Experimental Results

RMT demonstrates impressive performance on a wide range of vision tasks, including image classification on ImageNet-1k, object detection and instance segmentation on COCO 2017, and semantic segmentation on ADE20K. Notably, RMT achieves 84.8% top-1 accuracy on ImageNet-1k with only 27M parameters and 4.5 GFLOPs, outperforming numerous state-of-the-art models in the same computational budget. Furthermore, in downstream tasks like COCO detection and ADE20K semantic segmentation, RMT shows substantial improvements, achieving 54.5 box AP and 52.8 mIoU, respectively.

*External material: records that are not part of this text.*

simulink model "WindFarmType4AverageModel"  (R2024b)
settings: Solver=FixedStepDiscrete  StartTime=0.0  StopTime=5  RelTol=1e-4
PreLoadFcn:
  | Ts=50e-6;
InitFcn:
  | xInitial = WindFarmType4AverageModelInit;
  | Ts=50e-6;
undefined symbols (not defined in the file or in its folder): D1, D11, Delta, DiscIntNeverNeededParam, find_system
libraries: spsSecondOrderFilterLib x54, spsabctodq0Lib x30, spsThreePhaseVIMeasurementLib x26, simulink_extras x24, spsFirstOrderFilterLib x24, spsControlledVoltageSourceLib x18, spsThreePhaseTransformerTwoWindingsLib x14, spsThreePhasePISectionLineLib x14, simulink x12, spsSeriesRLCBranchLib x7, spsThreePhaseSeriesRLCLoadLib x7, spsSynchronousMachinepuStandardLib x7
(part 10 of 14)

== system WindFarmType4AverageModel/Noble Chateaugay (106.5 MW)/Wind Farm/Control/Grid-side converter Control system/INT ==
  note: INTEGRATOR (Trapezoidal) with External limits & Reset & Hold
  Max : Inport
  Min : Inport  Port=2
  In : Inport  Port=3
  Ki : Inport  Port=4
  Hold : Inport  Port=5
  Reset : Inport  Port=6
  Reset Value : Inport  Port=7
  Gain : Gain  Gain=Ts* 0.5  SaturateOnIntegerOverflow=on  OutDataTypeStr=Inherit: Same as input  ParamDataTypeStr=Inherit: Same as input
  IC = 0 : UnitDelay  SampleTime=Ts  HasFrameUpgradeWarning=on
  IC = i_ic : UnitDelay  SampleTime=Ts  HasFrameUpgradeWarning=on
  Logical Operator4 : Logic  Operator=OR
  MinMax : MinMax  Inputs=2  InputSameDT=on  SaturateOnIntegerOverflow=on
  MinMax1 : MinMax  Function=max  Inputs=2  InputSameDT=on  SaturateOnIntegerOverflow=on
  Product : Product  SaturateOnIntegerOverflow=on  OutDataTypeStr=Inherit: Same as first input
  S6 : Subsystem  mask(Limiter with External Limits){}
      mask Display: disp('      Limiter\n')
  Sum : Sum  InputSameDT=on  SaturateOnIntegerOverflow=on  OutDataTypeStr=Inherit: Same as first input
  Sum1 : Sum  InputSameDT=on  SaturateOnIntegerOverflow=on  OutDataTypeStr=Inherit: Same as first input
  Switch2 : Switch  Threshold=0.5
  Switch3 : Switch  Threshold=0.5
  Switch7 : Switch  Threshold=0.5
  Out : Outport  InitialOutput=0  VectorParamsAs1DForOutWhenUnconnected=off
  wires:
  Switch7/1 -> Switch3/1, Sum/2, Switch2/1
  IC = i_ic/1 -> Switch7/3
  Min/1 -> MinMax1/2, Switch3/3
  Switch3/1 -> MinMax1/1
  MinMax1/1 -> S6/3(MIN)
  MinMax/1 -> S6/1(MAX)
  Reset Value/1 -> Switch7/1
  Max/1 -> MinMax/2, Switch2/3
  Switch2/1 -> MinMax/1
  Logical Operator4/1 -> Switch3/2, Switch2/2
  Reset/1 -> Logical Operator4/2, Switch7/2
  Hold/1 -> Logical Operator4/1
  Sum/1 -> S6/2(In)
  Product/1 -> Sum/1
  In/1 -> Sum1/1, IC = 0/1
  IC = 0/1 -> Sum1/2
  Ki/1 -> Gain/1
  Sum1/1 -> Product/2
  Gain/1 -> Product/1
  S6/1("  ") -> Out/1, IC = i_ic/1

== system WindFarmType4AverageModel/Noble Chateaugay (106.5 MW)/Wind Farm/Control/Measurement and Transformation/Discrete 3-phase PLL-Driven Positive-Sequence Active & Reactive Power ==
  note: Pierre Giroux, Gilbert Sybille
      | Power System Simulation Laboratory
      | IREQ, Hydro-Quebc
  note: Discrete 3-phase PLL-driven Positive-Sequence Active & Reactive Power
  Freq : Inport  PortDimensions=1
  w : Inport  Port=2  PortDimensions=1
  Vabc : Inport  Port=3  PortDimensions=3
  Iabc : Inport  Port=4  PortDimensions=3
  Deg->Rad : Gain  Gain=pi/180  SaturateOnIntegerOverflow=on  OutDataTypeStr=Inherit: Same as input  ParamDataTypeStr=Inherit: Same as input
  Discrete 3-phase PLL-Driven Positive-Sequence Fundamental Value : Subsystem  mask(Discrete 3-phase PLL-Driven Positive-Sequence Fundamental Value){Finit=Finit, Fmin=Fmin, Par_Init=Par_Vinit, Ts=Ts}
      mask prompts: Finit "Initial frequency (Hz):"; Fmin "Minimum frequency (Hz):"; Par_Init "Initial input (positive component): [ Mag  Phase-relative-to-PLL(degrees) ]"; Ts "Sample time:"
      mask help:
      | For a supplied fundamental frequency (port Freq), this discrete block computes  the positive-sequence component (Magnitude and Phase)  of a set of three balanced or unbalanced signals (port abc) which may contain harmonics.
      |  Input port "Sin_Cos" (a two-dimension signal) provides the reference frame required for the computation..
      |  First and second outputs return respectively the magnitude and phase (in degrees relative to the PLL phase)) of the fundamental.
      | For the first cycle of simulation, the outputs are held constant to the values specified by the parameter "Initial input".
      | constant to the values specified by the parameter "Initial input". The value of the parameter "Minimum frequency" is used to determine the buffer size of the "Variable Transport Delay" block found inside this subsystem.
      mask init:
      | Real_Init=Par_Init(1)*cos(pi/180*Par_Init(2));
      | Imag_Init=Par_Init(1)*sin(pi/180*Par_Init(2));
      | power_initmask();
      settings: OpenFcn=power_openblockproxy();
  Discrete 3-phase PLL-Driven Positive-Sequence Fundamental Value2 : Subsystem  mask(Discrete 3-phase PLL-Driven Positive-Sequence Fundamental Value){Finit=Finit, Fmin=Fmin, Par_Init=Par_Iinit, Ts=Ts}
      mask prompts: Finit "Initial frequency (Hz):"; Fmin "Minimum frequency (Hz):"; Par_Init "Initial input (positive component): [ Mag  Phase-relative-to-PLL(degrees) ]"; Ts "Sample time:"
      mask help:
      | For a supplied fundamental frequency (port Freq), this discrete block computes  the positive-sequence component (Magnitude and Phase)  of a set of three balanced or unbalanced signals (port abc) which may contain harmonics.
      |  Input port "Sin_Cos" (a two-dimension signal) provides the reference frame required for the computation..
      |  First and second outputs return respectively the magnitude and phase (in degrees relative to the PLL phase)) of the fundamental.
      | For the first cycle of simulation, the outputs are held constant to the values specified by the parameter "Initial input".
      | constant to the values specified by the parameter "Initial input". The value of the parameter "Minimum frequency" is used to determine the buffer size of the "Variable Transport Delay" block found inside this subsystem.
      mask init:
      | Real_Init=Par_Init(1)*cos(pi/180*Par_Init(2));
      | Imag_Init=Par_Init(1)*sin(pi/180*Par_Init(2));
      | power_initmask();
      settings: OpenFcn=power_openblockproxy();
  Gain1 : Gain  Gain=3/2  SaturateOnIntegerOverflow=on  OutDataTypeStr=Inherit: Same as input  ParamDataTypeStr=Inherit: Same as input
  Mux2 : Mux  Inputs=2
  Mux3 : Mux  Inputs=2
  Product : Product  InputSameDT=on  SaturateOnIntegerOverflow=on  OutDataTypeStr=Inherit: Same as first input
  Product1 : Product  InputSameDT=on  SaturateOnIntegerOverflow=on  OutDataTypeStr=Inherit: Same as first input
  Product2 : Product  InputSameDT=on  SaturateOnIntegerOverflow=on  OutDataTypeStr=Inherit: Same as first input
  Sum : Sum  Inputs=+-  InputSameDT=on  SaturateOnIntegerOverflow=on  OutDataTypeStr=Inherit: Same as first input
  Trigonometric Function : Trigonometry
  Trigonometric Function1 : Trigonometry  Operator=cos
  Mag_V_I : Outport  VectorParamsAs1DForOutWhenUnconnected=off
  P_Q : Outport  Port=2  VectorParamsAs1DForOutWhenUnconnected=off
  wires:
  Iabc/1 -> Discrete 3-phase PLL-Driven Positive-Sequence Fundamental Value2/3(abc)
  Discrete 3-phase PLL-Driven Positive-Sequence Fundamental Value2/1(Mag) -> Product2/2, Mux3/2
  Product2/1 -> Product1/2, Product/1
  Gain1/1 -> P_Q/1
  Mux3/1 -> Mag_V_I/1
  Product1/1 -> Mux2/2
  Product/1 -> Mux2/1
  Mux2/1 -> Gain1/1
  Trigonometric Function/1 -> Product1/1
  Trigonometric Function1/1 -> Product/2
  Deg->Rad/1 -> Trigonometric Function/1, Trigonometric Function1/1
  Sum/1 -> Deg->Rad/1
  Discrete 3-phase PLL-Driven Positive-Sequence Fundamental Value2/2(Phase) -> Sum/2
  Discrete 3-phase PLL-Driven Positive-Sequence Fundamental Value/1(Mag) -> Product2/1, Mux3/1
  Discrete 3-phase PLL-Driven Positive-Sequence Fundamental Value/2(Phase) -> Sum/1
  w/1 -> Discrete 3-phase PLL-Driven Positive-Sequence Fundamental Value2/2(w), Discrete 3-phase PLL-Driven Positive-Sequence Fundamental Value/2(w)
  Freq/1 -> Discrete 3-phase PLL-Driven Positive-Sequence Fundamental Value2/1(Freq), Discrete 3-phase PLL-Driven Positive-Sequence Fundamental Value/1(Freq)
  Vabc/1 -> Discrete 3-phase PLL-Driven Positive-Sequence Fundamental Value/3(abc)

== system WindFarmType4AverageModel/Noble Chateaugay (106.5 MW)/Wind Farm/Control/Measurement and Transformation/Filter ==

Theoretical and Practical Implications

The introduction of spatial decay explicitly tied to self-attention represents a considerable theoretical advancement in the domain of vision transformers. By enforcing spatial priors and streamlining computational processes, RMT potentially sets a new benchmark for efficient and effective deep learning in computer vision. Practically, RMT's architecture can lead to more computationally feasible deployment scenarios, particularly where efficiency and resource constraints are critical.

Future Directions

This research opens several avenues for further investigation. Future work could explore the application of spatial decay in more complex or versatile models, extending beyond the traditional paradigms of vision, such as multi-modal learning frameworks. Additionally, there are potential explorations into optimizing the spatial decay matrix or its hyperparameters for diverse datasets, potentially improving performance and adaptability across varied tasks.

In conclusion, this paper's proposal of RMT represents a significant step forward in the development of vision transformers. By integrating spatial priors and reducing complexity, it builds a robust foundation for future innovations in AI and machine learning applications.